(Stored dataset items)
· · · ·

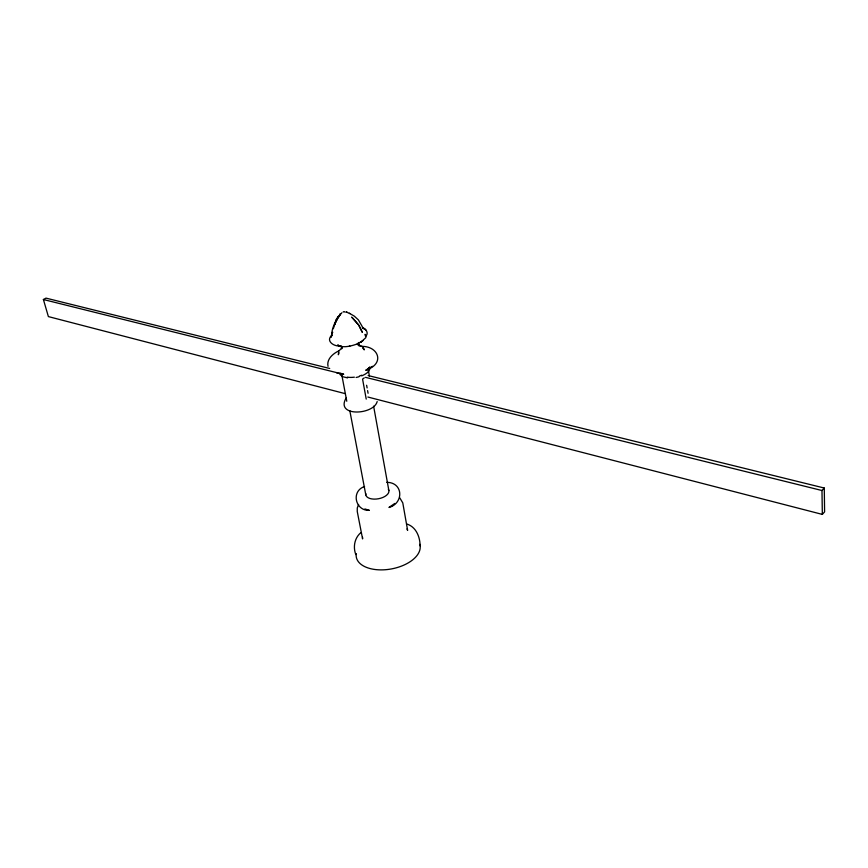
<?xml version="1.0" encoding="UTF-8"?>
<svg xmlns="http://www.w3.org/2000/svg" width="868" height="868" viewBox="0 0 868 868"><rect width="100%" height="100%" fill="white"/><g stroke="black" fill="none" stroke-linecap="round" stroke-linejoin="round"><path stroke-width="1.3" d="M346.777 401.244L341.894 375.388M358.506 343.283L358.517 342.513L359.33 346.115L358.994 345.399M362.585 537.303L362.585 538.909L357.258 511.512L357.28 507.975L358.592 504.492M333.334 328.679L336.534 318.925L341.851 312.773M365.504 336.133L365.092 334.321L366.025 336.111L365.808 337.685L361.283 341.808M331.956 335.417C330.903 332.086 334.473 321.757 338.487 316.777L337.977 317.536L339.974 314.834L337.706 318.708M377.168 401.559C373.75 415.056 334.961 417.096 346.126 398.021M334.983 324.426L335.417 323.417M344.574 311.97L344.39 311.883M338.9 352.831L338.357 354.741L338.791 351.073L341.612 348.187M331.348 336.708L331.858 335.623M335.873 322.429L336.35 321.464M336.827 320.52L337.283 319.598M336.513 319.836L335.949 320.834L336.415 320.021M331.967 333.366L331.001 337.348M332.205 333.03L332.78 332.26M394.766 503.462L388.951 507.487C403.859 503.364 403.533 482.413 386.759 482.326M342.426 347.482L341.666 348.817L341.091 345.8M367.88 397.034L822.332 514.399L824.6 511.881L824.274 488.033L368.119 375.54M822.332 514.399L821.985 490.518L824.274 488.033M331.771 335.319C325.37 341.048 333.985 346.495 339.605 345.952L338.574 345.551C343.836 348.35 352.907 345.453 356.216 344.292M368.759 368.238L366.914 369.768L369.659 367.305L366.914 369.768C385.414 363.139 378.036 345.497 360.914 346.419M365.558 336.209C369.334 333.594 365.884 328.614 362.564 327.616M360.958 532.561C354.545 537.856 352.864 546.959 355.815 554.587M360.969 342.025L362.097 341.233L356.564 344.162M362.553 340.907L363.247 340.43M364.3 377.862L362.564 379.077L366.231 399.106M368.423 368.716L365.754 370.321L372.459 366.296M343.142 312.003L343.782 311.742M391.273 506.207L391.935 505.849M338.585 351.008C332.824 353.71 326.498 359.276 328.017 366.329M345.301 393.671L48.38 316.592L43.4 299.514L45.993 298.125L329.699 368.466M364.593 486.514C350.726 491.049 355.251 511.133 369.377 510.351L364.864 508.952M361.696 375.877C365.211 374.358 370.321 371.851 369.876 367.272M356.086 377.471L358.972 376.788M349.207 346.256L349.869 346.126M347.569 377.895L342.893 376.755L339.996 374.542M336.86 373.012L343.706 374.238L340.072 373.131M339.572 345.996L337.674 345.008L340.169 346.256M365.536 377.352L821.985 490.518M43.4 299.514L340.234 373.511M346.017 312.035L347.059 312.361M338.976 345.746L338.856 345.703M347.146 312.393L350.162 313.641M406.604 523.925C416.054 526.778 419.993 536.706 420.123 545.842M349.37 313.272L354.274 316.115L358.408 319.912L363.54 328.82L362.39 327.648M363.649 348.719L363.008 348.296L364.278 349.858L362.488 346.603L357.811 344.585L358.809 345.117L358.343 344.78M364.94 329.059L365.992 330.155M358.723 325.077L352.267 317.721L358.538 324.871L362.347 332.336L359.189 325.869M351.649 317.059L352.386 317.851M399.66 497.657L402.785 502.897L407.624 530.381L406.983 528.905M349.815 410.694L365.797 494.879M368.401 370.527L369.432 376.224M373.62 406.202L388.864 490.518M366.621 385.262L367.11 387.931M367.587 390.6L368.075 393.269M388.354 489.346A11.74 6.109 -10.5 0 1 378.535 498.742A11.74 6.109 -10.5 0 1 365.819 493.61M419.797 544.323A32.409 17.978 -10.5 0 1 389.276 569.289A32.409 17.978 -10.5 0 1 356.281 553.621M361.685 375.204A13.487 6.065 -10.5 0 1 359.385 376.05M354.372 377.168A13.487 6.065 -10.5 0 1 347.2 377.135M337.999 316.592L337.489 317.341L337.999 316.592M340.571 313.771L339.833 314.433L340.571 313.771M346.961 312.328L346.082 312.057L346.864 312.296"/></g></svg>
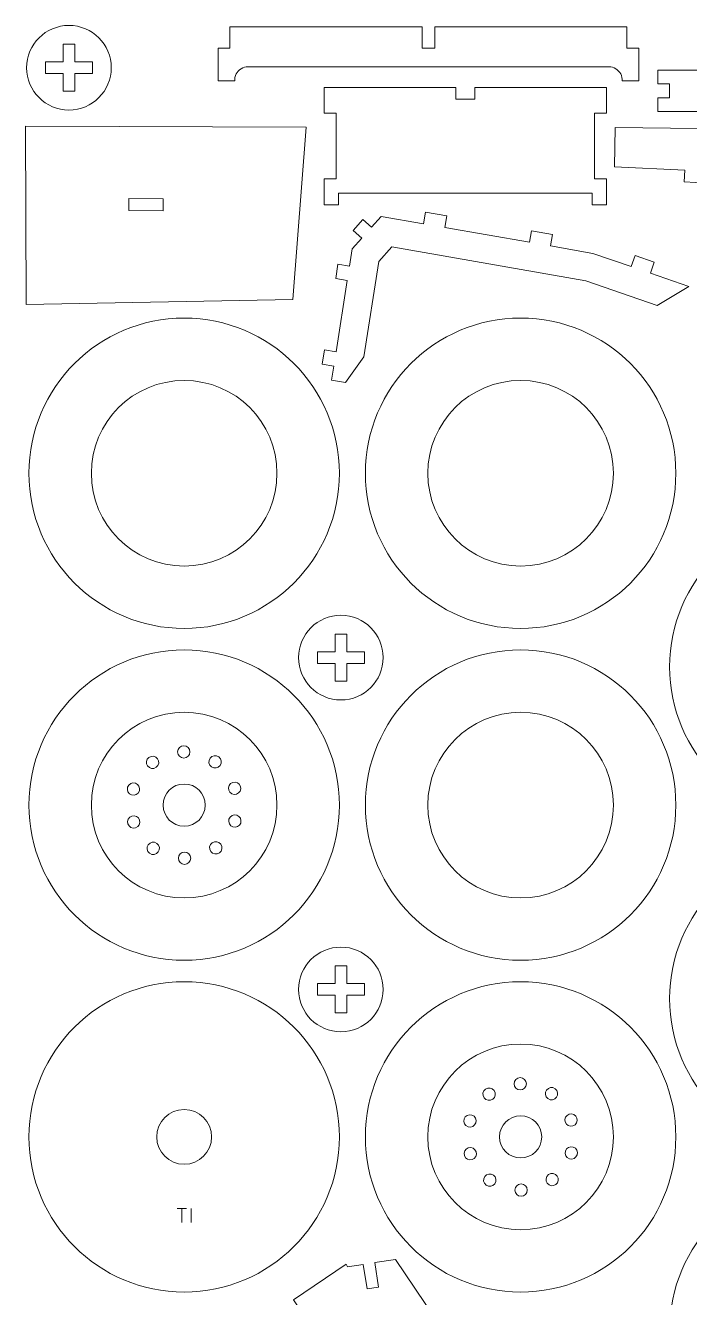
# Model space of a CAD drawing. Header units: centimetres. Extents: x -89 to 134, y -61 to -11.
# Drawn here: x 66.47 to 80.88, y -39.69 to -12.09 of the extents above; entities that cross this region are included whole.
import ezdxf

# ---------------------------------------------------------------- set-up
doc = ezdxf.new("R2010")
doc.units = ezdxf.units.CM
doc.header["$MEASUREMENT"] = 0
doc.layers.add('Camada 1', color=7, linetype='Continuous')

msp = doc.modelspace()

# ---------------------------------------------------------------- linework, layer by layer
at = {"layer": 'Camada 1', "lineweight": 9}
for points, knots in [([(67.41139, -12.08721), (67.91833, -12.08721), (68.32928, -12.49816), (68.32928, -13.0051), (68.32928, -13.0051), (68.32928, -13.51204), (67.91833, -13.92299), (67.41139, -13.92299), (67.41139, -13.92299), (66.90445, -13.92299), (66.4935, -13.51204), (66.4935, -13.0051), (66.4935, -13.0051), (66.4935, -12.49816), (66.90445, -12.08721), (67.41139, -12.08721)], [0, 0, 0, 0, 0.2, 0.2, 0.2, 0.2, 0.4, 0.4, 0.4, 0.4, 0.6, 0.6, 0.6, 0.6, 1, 1, 1, 1]), ([(71.02457, -13.17574), (71.02457, -13.17574), (71.01356, -13.21343), (71.01356, -13.21343), (71.01356, -13.21343), (71.01356, -13.21343), (71.00777, -13.25226), (71.00777, -13.25226), (71.00777, -13.25226), (71.00777, -13.25226), (71.00725, -13.29152), (71.00725, -13.29152), (71.00725, -13.29152), (71.00725, -13.29152), (70.6503, -13.29152), (70.6503, -13.29152), (70.6503, -13.29152), (70.6503, -13.29152), (70.6503, -12.57761), (70.6503, -12.57761), (70.6503, -12.57761), (70.6503, -12.57761), (70.90527, -12.57761), (70.90527, -12.57761), (70.90527, -12.57761), (70.90527, -12.57761), (70.90527, -12.11867), (70.90527, -12.11867), (70.90527, -12.11867), (70.90527, -12.11867), (75.07637, -12.11867), (75.07637, -12.11867), (75.07637, -12.11867), (75.07637, -12.11867), (75.07637, -12.57761), (75.07637, -12.57761), (75.07637, -12.57761), (75.07637, -12.57761), (75.34643, -12.57761), (75.34643, -12.57761), (75.34643, -12.57761), (75.34643, -12.57761), (75.34643, -12.11867), (75.34643, -12.11867), (75.34643, -12.11867), (75.34643, -12.11867), (79.51753, -12.11867), (79.51753, -12.11867), (79.51753, -12.11867), (79.51753, -12.11867), (79.51753, -12.57761), (79.51753, -12.57761), (79.51753, -12.57761), (79.51753, -12.57761), (79.77249, -12.57761), (79.77249, -12.57761), (79.77249, -12.57761), (79.77249, -12.57761), (79.77249, -13.29152), (79.77249, -13.29152), (79.77249, -13.29152), (79.77249, -13.29152), (79.41554, -13.29152), (79.41554, -13.29152), (79.41554, -13.29152), (79.41554, -13.29152), (79.41504, -13.25226), (79.41504, -13.25226), (79.41504, -13.25226), (79.41504, -13.25226), (79.40923, -13.21343), (79.40923, -13.21343), (79.40923, -13.21343), (79.40923, -13.21343), (79.39824, -13.17574), (79.39824, -13.17574), (79.39824, -13.17574), (79.39824, -13.17574), (79.38226, -13.13988), (79.38226, -13.13988), (79.38226, -13.13988), (79.38226, -13.13988), (79.36157, -13.10649), (79.36157, -13.10649), (79.36157, -13.10649), (79.36157, -13.10649), (79.33657, -13.07622), (79.33657, -13.07622), (79.33657, -13.07622), (79.33657, -13.07622), (79.30771, -13.0496), (79.30771, -13.0496), (79.30771, -13.0496), (79.30771, -13.0496), (79.27552, -13.02712), (79.27552, -13.02712), (79.27552, -13.02712), (79.27552, -13.02712), (79.24059, -13.00918), (79.24059, -13.00918), (79.24059, -13.00918), (79.24059, -13.00918), (79.20355, -12.99614), (79.20355, -12.99614), (79.20355, -12.99614), (79.20355, -12.99614), (79.1651, -12.98821), (79.1651, -12.98821), (79.1651, -12.98821), (79.1651, -12.98821), (79.12593, -12.98556), (79.12593, -12.98556), (79.12593, -12.98556), (79.12593, -12.98556), (71.29688, -12.98556), (71.29688, -12.98556), (71.29688, -12.98556), (71.29688, -12.98556), (71.25771, -12.98821), (71.25771, -12.98821), (71.25771, -12.98821), (71.25771, -12.98821), (71.21924, -12.99614), (71.21924, -12.99614), (71.21924, -12.99614), (71.21924, -12.99614), (71.18221, -13.00918), (71.18221, -13.00918), (71.18221, -13.00918), (71.18221, -13.00918), (71.14728, -13.02712), (71.14728, -13.02712), (71.14728, -13.02712), (71.14728, -13.02712), (71.11509, -13.0496), (71.11509, -13.0496), (71.11509, -13.0496), (71.11509, -13.0496), (71.08623, -13.07622), (71.08623, -13.07622), (71.08623, -13.07622), (71.08623, -13.07622), (71.06123, -13.10649), (71.06123, -13.10649), (71.06123, -13.10649), (71.06123, -13.10649), (71.04055, -13.13988), (71.04055, -13.13988), (71.04055, -13.13988), (71.04055, -13.13988), (71.02457, -13.17574), (71.02457, -13.17574)], [0, 0, 0, 0, 0.02564103, 0.02564103, 0.02564103, 0.02564103, 0.05128205, 0.05128205, 0.05128205, 0.05128205, 0.07692308, 0.07692308, 0.07692308, 0.07692308, 0.1025641, 0.1025641, 0.1025641, 0.1025641, 0.12820513, 0.12820513, 0.12820513, 0.12820513, 0.15384615, 0.15384615, 0.15384615, 0.15384615, 0.17948718, 0.17948718, 0.17948718, 0.17948718, 0.20512821, 0.20512821, 0.20512821, 0.20512821, 0.23076923, 0.23076923, 0.23076923, 0.23076923, 0.25641026, 0.25641026, 0.25641026, 0.25641026, 0.28205128, 0.28205128, 0.28205128, 0.28205128, 0.30769231, 0.30769231, 0.30769231, 0.30769231, 0.33333333, 0.33333333, 0.33333333, 0.33333333, 0.35897436, 0.35897436, 0.35897436, 0.35897436, 0.38461538, 0.38461538, 0.38461538, 0.38461538, 0.41025641, 0.41025641, 0.41025641, 0.41025641, 0.43589744, 0.43589744, 0.43589744, 0.43589744, 0.46153846, 0.46153846, 0.46153846, 0.46153846, 0.48717949, 0.48717949, 0.48717949, 0.48717949, 0.51282051, 0.51282051, 0.51282051, 0.51282051, 0.53846154, 0.53846154, 0.53846154, 0.53846154, 0.56410256, 0.56410256, 0.56410256, 0.56410256, 0.58974359, 0.58974359, 0.58974359, 0.58974359, 0.61538462, 0.61538462, 0.61538462, 0.61538462, 0.64102564, 0.64102564, 0.64102564, 0.64102564, 0.66666667, 0.66666667, 0.66666667, 0.66666667, 0.69230769, 0.69230769, 0.69230769, 0.69230769, 0.71794872, 0.71794872, 0.71794872, 0.71794872, 0.74358974, 0.74358974, 0.74358974, 0.74358974, 0.76923077, 0.76923077, 0.76923077, 0.76923077, 0.79487179, 0.79487179, 0.79487179, 0.79487179, 0.82051282, 0.82051282, 0.82051282, 0.82051282, 0.84615385, 0.84615385, 0.84615385, 0.84615385, 0.87179487, 0.87179487, 0.87179487, 0.87179487, 0.8974359, 0.8974359, 0.8974359, 0.8974359, 0.92307692, 0.92307692, 0.92307692, 0.92307692, 0.94871795, 0.94871795, 0.94871795, 0.94871795, 1, 1, 1, 1]), ([(67.92133, -12.87761), (67.92133, -12.87761), (67.92133, -13.13258), (67.92133, -13.13258), (67.92133, -13.13258), (67.92133, -13.13258), (67.53888, -13.13258), (67.53888, -13.13258), (67.53888, -13.13258), (67.53888, -13.13258), (67.53888, -13.51503), (67.53888, -13.51503), (67.53888, -13.51503), (67.53888, -13.51503), (67.28391, -13.51503), (67.28391, -13.51503), (67.28391, -13.51503), (67.28391, -13.51503), (67.28391, -13.13258), (67.28391, -13.13258), (67.28391, -13.13258), (67.28391, -13.13258), (66.90146, -13.13258), (66.90146, -13.13258), (66.90146, -13.13258), (66.90146, -13.13258), (66.90146, -12.87761), (66.90146, -12.87761), (66.90146, -12.87761), (66.90146, -12.87761), (67.28391, -12.87761), (67.28391, -12.87761), (67.28391, -12.87761), (67.28391, -12.87761), (67.28391, -12.49516), (67.28391, -12.49516), (67.28391, -12.49516), (67.28391, -12.49516), (67.53888, -12.49516), (67.53888, -12.49516), (67.53888, -12.49516), (67.53888, -12.49516), (67.53888, -12.87761), (67.53888, -12.87761), (67.53888, -12.87761), (67.53888, -12.87761), (67.92133, -12.87761), (67.92133, -12.87761)], [0, 0, 0, 0, 0.07692308, 0.07692308, 0.07692308, 0.07692308, 0.15384615, 0.15384615, 0.15384615, 0.15384615, 0.23076923, 0.23076923, 0.23076923, 0.23076923, 0.30769231, 0.30769231, 0.30769231, 0.30769231, 0.38461538, 0.38461538, 0.38461538, 0.38461538, 0.46153846, 0.46153846, 0.46153846, 0.46153846, 0.53846154, 0.53846154, 0.53846154, 0.53846154, 0.61538462, 0.61538462, 0.61538462, 0.61538462, 0.69230769, 0.69230769, 0.69230769, 0.69230769, 0.76923077, 0.76923077, 0.76923077, 0.76923077, 0.84615385, 0.84615385, 0.84615385, 0.84615385, 1, 1, 1, 1]), ([(87.83593, -13.05626), (87.83593, -13.05626), (87.83593, -13.35548), (87.83593, -13.35548), (87.83593, -13.35548), (87.83593, -13.35548), (87.58096, -13.35548), (87.58096, -13.35548), (87.58096, -13.35548), (87.58096, -13.35548), (87.58096, -13.6547), (87.58096, -13.6547), (87.58096, -13.6547), (87.58096, -13.6547), (87.83593, -13.6547), (87.83593, -13.6547), (87.83593, -13.6547), (87.83593, -13.6547), (87.83593, -13.95393), (87.83593, -13.95393), (87.83593, -13.95393), (87.83593, -13.95393), (80.18686, -13.95393), (80.18686, -13.95393), (80.18686, -13.95393), (80.18686, -13.95393), (80.18686, -13.6547), (80.18686, -13.6547), (80.18686, -13.6547), (80.18686, -13.6547), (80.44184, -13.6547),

· · · ·

**Your instructions**
For each line in the records that holds "ezdxf", show that line as it stands.

**Output for this task**
import ezdxf
doc = ezdxf.new("R2010")
doc.units = ezdxf.units.CM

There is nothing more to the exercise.